━━━ Data supplied ━━━

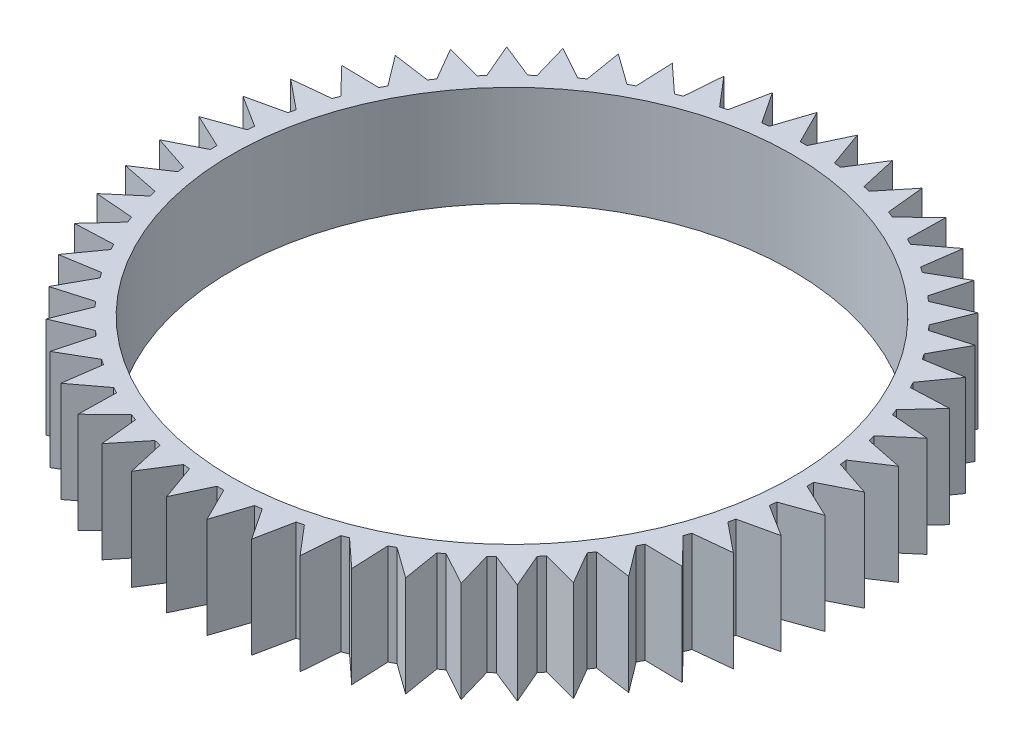
SolidWorks part; units mm, degrees
ref_plane "Front Plane" through (0, 0, 0) normal (0, 0, 1) x (1, 0, 0)
ref_plane "Top Plane" through (0, 0, 0) normal (0, 1, 0) x (1, 0, 0)
ref_plane "Right Plane" through (0, 0, 0) normal (1, 0, 0) x (0, 0, -1)
sketch "Sketch1" plane through (0, 0, 0) normal (0, 1, 0) x (1, 0, 0)
  line L0 (0, 23.45) -> (1.2824, 26.1621)
  line L1 (1.2824, 26.1621) -> (2.2933, 23.3376)
  line L2 (2.8266, 23.279) -> (4.4265, 25.8168)
  line L3 (4.4265, 25.8168) -> (5.0897, 22.891)
  line L4 (5.612, 22.7686) -> (7.5061, 25.095)
  line L5 (7.5061, 25.095) -> (7.8118, 22.1106)
  line L6 (8.3155, 21.9261) -> (10.4762, 24.0073)
  line L7 (10.4762, 24.0073) -> (10.4199, 21.0078)
  line L8 (10.8978, 20.7639) -> (13.2936, 22.5695)
  line L9 (13.2936, 22.5695) -> (12.8762, 19.5986)
  line L10 (13.3211, 19.299) -> (15.9171, 20.8025)
  line L11 (15.9171, 20.8025) -> (15.1446, 17.9037)
  line L12 (15.5502, 17.5526) -> (18.3086, 18.7323)
  line L13 (18.3086, 18.7323) -> (17.1923, 15.9477)
  line L14 (17.5526, 15.5502) -> (20.433, 16.3888)
  line L15 (20.433, 16.3888) -> (18.9892, 13.7591)
  line L16 (19.299, 13.3211) -> (22.2595, 13.8064)
  line L17 (22.2595, 13.8064) -> (20.5092, 11.3699)
  line L18 (20.7639, 10.8978) -> (23.7613, 11.0227)
  line L19 (23.7613, 11.0227) -> (21.7302, 8.8149)
  line L20 (21.9261, 8.3155) -> (24.9167, 8.0782)
  line L21 (24.9167, 8.0782) -> (22.6343, 6.1313)
  line L22 (22.7686, 5.612) -> (25.7088, 5.0159)
  line L23 (25.7088, 5.0159) -> (23.2083, 3.3583)
  line L24 (23.279, 2.8266) -> (26.1259, 1.8805)
  line L25 (26.1259, 1.8805) -> (23.4439, 0.5364)
  line L26 (23.45, 0) -> (26.1621, -1.2824)
  line L27 (26.1621, -1.2824) -> (23.3376, -2.2933)
  line L28 (23.279, -2.8266) -> (25.8168, -4.4265)
  line L29 (25.8168, -4.4265) -> (22.891, -5.0897)
  line L30 (22.7686, -5.612) -> (25.095, -7.5061)
  line L31 (25.095, -7.5061) -> (22.1106, -7.8118)
  line L32 (21.9261, -8.3155) -> (24.0073, -10.4762)
  line L33 (24.0073, -10.4762) -> (21.0078, -10.4199)
  line L34 (20.7639, -10.8978) -> (22.5695, -13.2936)
  line L35 (22.5695, -13.2936) -> (19.5986, -12.8762)
  line L36 (19.299, -13.3211) -> (20.8025, -15.9171)
  line L37 (20.8025, -15.9171) -> (17.9037, -15.1446)
  line L38 (17.5526, -15.5502) -> (18.7323, -18.3086)
  line L39 (18.7323, -18.3086) -> (15.9477, -17.1923)
  line L40 (15.5502, -17.5526) -> (16.3888, -20.433)
  line L41 (16.3888, -20.433) -> (13.7591, -18.9892)
  line L42 (13.3211, -19.299) -> (13.8064, -22.2595)
  line L43 (13.8064, -22.2595) -> (11.3699, -20.5092)
  line L44 (10.8978, -20.7639) -> (11.0227, -23.7613)
  line L45 (11.0227, -23.7613) -> (8.8149, -21.7302)
  line L46 (8.3155, -21.9261) -> (8.0782, -24.9167)
  line L47 (8.0782, -24.9167) -> (6.1313, -22.6343)
  line L48 (5.612, -22.7686) -> (5.0159, -25.7088)
  line L49 (5.0159, -25.7088) -> (3.3583, -23.2083)
  line L50 (2.8266, -23.279) -> (1.8805, -26.1259)
  line L51 (1.8805, -26.1259) -> (0.5364, -23.4439)
  line L52 (0, -23.45) -> (-1.2824, -26.1621)
  line L53 (-1.2824, -26.1621) -> (-2.2933, -23.3376)
  line L54 (-2.8266, -23.279) -> (-4.4265, -25.8168)
  line L55 (-4.4265, -25.8168) -> (-5.0897, -22.891)
  line L56 (-5.612, -22.7686) -> (-7.5061, -25.095)
  line L57 (-7.5061, -25.095) -> (-7.8118, -22.1106)
  line L58 (-8.3155, -21.9261) -> (-10.4762, -24.0073)
  line L59 (-10.4762, -24.0073) -> (-10.4199, -21.0078)
  line L60 (-10.8978, -20.7639) -> (-13.2936, -22.5695)
  line L61 (-13.2936, -22.5695) -> (-12.8762, -19.5986)
  line L62 (-13.3211, -19.299) -> (-15.9171, -20.8025)
  line L63 (-15.9171, -20.8025) -> (-15.1446, -17.9037)
  line L64 (-15.5502, -17.5526) -> (-18.3086, -18.7323)
  line L65 (-18.3086, -18.7323) -> (-17.1923, -15.9477)
  line L66 (-17.5526, -15.5502) -> (-20.433, -16.3888)
  line L67 (-20.433, -16.3888) -> (-18.9892, -13.7591)
  line L68 (-19.299, -13.3211) -> (-22.2595, -13.8064)
  line L69 (-22.2595, -13.8064) -> (-20.5092, -11.3699)
  line L70 (-20.7639, -10.8978) -> (-23.7613, -11.0227)
  line L71 (-23.7613, -11.0227) -> (-21.7302, -8.8149)
  line L72 (-21.9261, -8.3155) -> (-24.9167, -8.0782)
  line L73 (-24.9167, -8.0782) -> (-22.6343, -6.1313)
  line L74 (-22.7686, -5.612) -> (-25.7088, -5.0159)
  line L75 (-25.7088, -5.0159) -> (-23.2083, -3.3583)
  line L76 (-23.279, -2.8266) -> (-26.1259, -1.8805)
  line L77 (-26.1259, -1.8805) -> (-23.4439, -0.5364)
  line L78 (-23.45, 0) -> (-26.1621, 1.2824)
  line L79 (-26.1621, 1.2824) -> (-23.3376, 2.2933)
  line L80 (-23.279, 2.8266) -> (-25.8168, 4.4265)
  line L81 (-25.8168, 4.4265) -> (-22.891, 5.0897)
  line L82 (-22.7686, 5.612) -> (-25.095, 7.5061)
  line L83 (-25.095, 7.5061) -> (-22.1106, 7.8118)
  line L84 (-21.9261, 8.3155) -> (-24.0073, 10.4762)
  line L85 (-24.0073, 10.4762) -> (-21.0078, 10.4199)
  line L86 (-20.7639, 10.8978) -> (-22.5695, 13.2936)
  line L87 (-22.5695, 13.2936) -> (-19.5986, 12.8762)
  line L88 (-19.299, 13.3211) -> (-20.8025, 15.9171)
  line L89 (-20.8025, 15.9171) -> (-17.9037, 15.1446)
  line L90 (-17.5526, 15.5502) -> (-18.7323, 18.3086)
  line L91 (-18.7323, 18.3086) -> (-15.9477, 17.1923)
  line L92 (-15.5502, 17.5526) -> (-16.3888, 20.433)
  line L93 (-16.3888, 20.433) -> (-13.7591, 18.9892)
  line L94 (-13.3211, 19.299) -> (-13.8064, 22.2595)
  line L95 (-13.8064, 22.2595) -> (-11.3699, 20.5092)
  line L96 (-10.8978, 20.7639) -> (-11.0227, 23.7613)
  line L97 (-11.0227, 23.7613) -> (-8.8149, 21.7302)
  line L98 (-8.3155, 21.9261) -> (-8.0782, 24.9167)
  line L99 (-8.0782, 24.9167) -> (-6.1313, 22.6343)
  line L100 (-5.612, 22.7686) -> (-5.0159, 25.7088)
  line L101 (-5.0159, 25.7088) -> (-3.3583, 23.2083)
  line L102 (-2.8266, 23.279) -> (-1.8805, 26.1259)
  line L103 (-1.8805, 26.1259) -> (-0.5364, 23.4439)
  circle A0 centre (0, 0) radius 22.25
  circle A1 centre (0, 0) radius 23.45 construction
  arc A2 (2.2933, 23.3376) -> (2.8266, 23.279) centre (0, 0) cw
  arc A3 (5.0897, 22.891) -> (5.612, 22.7686) centre (0, 0) cw
  arc A4 (7.8118, 22.1106) -> (8.3155, 21.9261) centre (0, 0) cw
  arc A5 (10.4199, 21.0078) -> (10.8978, 20.7639) centre (0, 0) cw
  arc A6 (12.8762, 19.5986) -> (13.3211, 19.299) centre (0, 0) cw
  arc A7 (15.1446, 17.9037) -> (15.5502, 17.5526) centre (0, 0) cw
  arc A8 (17.1923, 15.9477) -> (17.5526, 15.5502) centre (0, 0) cw
  arc A9 (18.9892, 13.7591) -> (19.299, 13.3211) centre (0, 0) cw
  arc A10 (20.5092, 11.3699) -> (20.7639, 10.8978) centre (0, 0) cw
  arc A11 (21.7302, 8.8149) -> (21.9261, 8.3155) centre (0, 0) cw
  arc A12 (22.6343, 6.1313) -> (22.7686, 5.612) centre (0, 0) cw
  arc A13 (23.2083, 3.3583) -> (23.279, 2.8266) centre (0, 0) cw
  arc A14 (23.4439, 0.5364) -> (23.45, 0) centre (0, 0) cw
  arc A15 (23.3376, -2.2933) -> (23.279, -2.8266) centre (0, 0) cw
  arc A16 (22.891, -5.0897) -> (22.7686, -5.612) centre (0, 0) cw
  arc A17 (22.1106, -7.8118) -> (21.9261, -8.3155) centre (0, 0) cw
  arc A18 (21.0078, -10.4199) -> (20.7639, -10.8978) centre (0, 0) cw
  arc A19 (19.5986, -12.8762) -> (19.299, -13.3211) centre (0, 0) cw
  arc A20 (17.9037, -15.1446) -> (17.5526, -15.5502) centre (0, 0) cw
  arc A21 (15.9477, -17.1923) -> (15.5502, -17.5526) centre (0, 0) cw
  arc A22 (13.7591, -18.9892) -> (13.3211, -19.299) centre (0, 0) cw
  arc A23 (11.3699, -20.5092) -> (10.8978, -20.7639) centre (0, 0) cw
  arc A24 (8.8149, -21.7302) -> (8.3155, -21.9261) centre (0, 0) cw
  arc A25 (6.1313, -22.6343) -> (5.612, -22.7686) centre (0, 0) cw
  arc A26 (3.3583, -23.2083) -> (2.8266, -23.279) centre (0, 0) cw
  arc A27 (0.5364, -23.4439) -> (0, -23.45) centre (0, 0) cw
  arc A28 (-2.2933, -23.3376) -> (-2.8266, -23.279) centre (0, 0) cw
  arc A29 (-5.0897, -22.891) -> (-5.612, -22.7686) centre (0, 0) cw
  arc A30 (-7.8118, -22.1106) -> (-8.3155, -21.9261) centre (0, 0) cw
  arc A31 (-10.4199, -21.0078) -> (-10.8978, -20.7639) centre (0, 0) cw
  arc A32 (-12.8762, -19.5986) -> (-13.3211, -19.299) centre (0, 0) cw
  arc A33 (-15.1446, -17.9037) -> (-15.5502, -17.5526) centre (0, 0) cw
  arc A34 (-17.1923, -15.9477) -> (-17.5526, -15.5502) centre (0, 0) cw
  arc A35 (-18.9892, -13.7591) -> (-19.299, -13.3211) centre (0, 0) cw
  arc A36 (-20.5092, -11.3699) -> (-20.7639, -10.8978) centre (0, 0) cw
  arc A37 (-21.7302, -8.8149) -> (-21.9261, -8.3155) centre (0, 0) cw
  arc A38 (-22.6343, -6.1313) -> (-22.7686, -5.612) centre (0, 0) cw
  arc A39 (-23.2083, -3.3583) -> (-23.279, -2.8266) centre (0, 0) cw
  arc A40 (-23.4439, -0.5364) -> (-23.45, 0) centre (0, 0) cw
  arc A41 (-23.3376, 2.2933) -> (-23.279, 2.8266) centre (0, 0) cw
  arc A42 (-22.891, 5.0897) -> (-22.7686, 5.612) centre (0, 0) cw
  arc A43 (-22.1106, 7.8118) -> (-21.9261, 8.3155) centre (0, 0) cw
  arc A44 (-21.0078, 10.4199) -> (-20.7639, 10.8978) centre (0, 0) cw
  arc A45 (-19.5986, 12.8762) -> (-19.299, 13.3211) centre (0, 0) cw
  arc A46 (-17.9037, 15.1446) -> (-17.5526, 15.5502) centre (0, 0) cw
  arc A47 (-15.9477, 17.1923) -> (-15.5502, 17.5526) centre (0, 0) cw
  arc A48 (-13.7591, 18.9892) -> (-13.3211, 19.299) centre (0, 0) cw
  arc A49 (-11.3699, 20.5092) -> (-10.8978, 20.7639) centre (0, 0) cw
  arc A50 (-8.8149, 21.7302) -> (-8.3155, 21.9261) centre (0, 0) cw
  arc A51 (-6.1313, 22.6343) -> (-5.612, 22.7686) centre (0, 0) cw
  arc A52 (-3.3583, 23.2083) -> (-2.8266, 23.279) centre (0, 0) cw
  arc A53 (-0.5364, 23.4439) -> (0, 23.45) centre (0, 0) cw
  point P163 (0, 0)
  point P268 (0, 0)
  dimension "D1" = 44.5
  dimension "D3" = 3
  dimension "D4" = 315
  dimension "D2" = 1.2
  dimension "D5" = 52
  dimension "D6" = 52
extrude "Boss-Extrude1" add sketch "Sketch1" along normal blind 8

━━━

■ **Task goal**:
From the records above, give again exactly the lines running from the line with "line L81 (-25.8168, 4.4265)" to the line with "line L94 (-13.3211, 19.299)", inclusive.

■ **Result of the exercise**:
  line L81 (-25.8168, 4.4265) -> (-22.891, 5.0897)
  line L82 (-22.7686, 5.612) -> (-25.095, 7.5061)
  line L83 (-25.095, 7.5061) -> (-22.1106, 7.8118)
  line L84 (-21.9261, 8.3155) -> (-24.0073, 10.4762)
  line L85 (-24.0073, 10.4762) -> (-21.0078, 10.4199)
  line L86 (-20.7639, 10.8978) -> (-22.5695, 13.2936)
  line L87 (-22.5695, 13.2936) -> (-19.5986, 12.8762)
  line L88 (-19.299, 13.3211) -> (-20.8025, 15.9171)
  line L89 (-20.8025, 15.9171) -> (-17.9037, 15.1446)
  line L90 (-17.5526, 15.5502) -> (-18.7323, 18.3086)
  line L91 (-18.7323, 18.3086) -> (-15.9477, 17.1923)
  line L92 (-15.5502, 17.5526) -> (-16.3888, 20.433)
  line L93 (-16.3888, 20.433) -> (-13.7591, 18.9892)
  line L94 (-13.3211, 19.299) -> (-13.8064, 22.2595)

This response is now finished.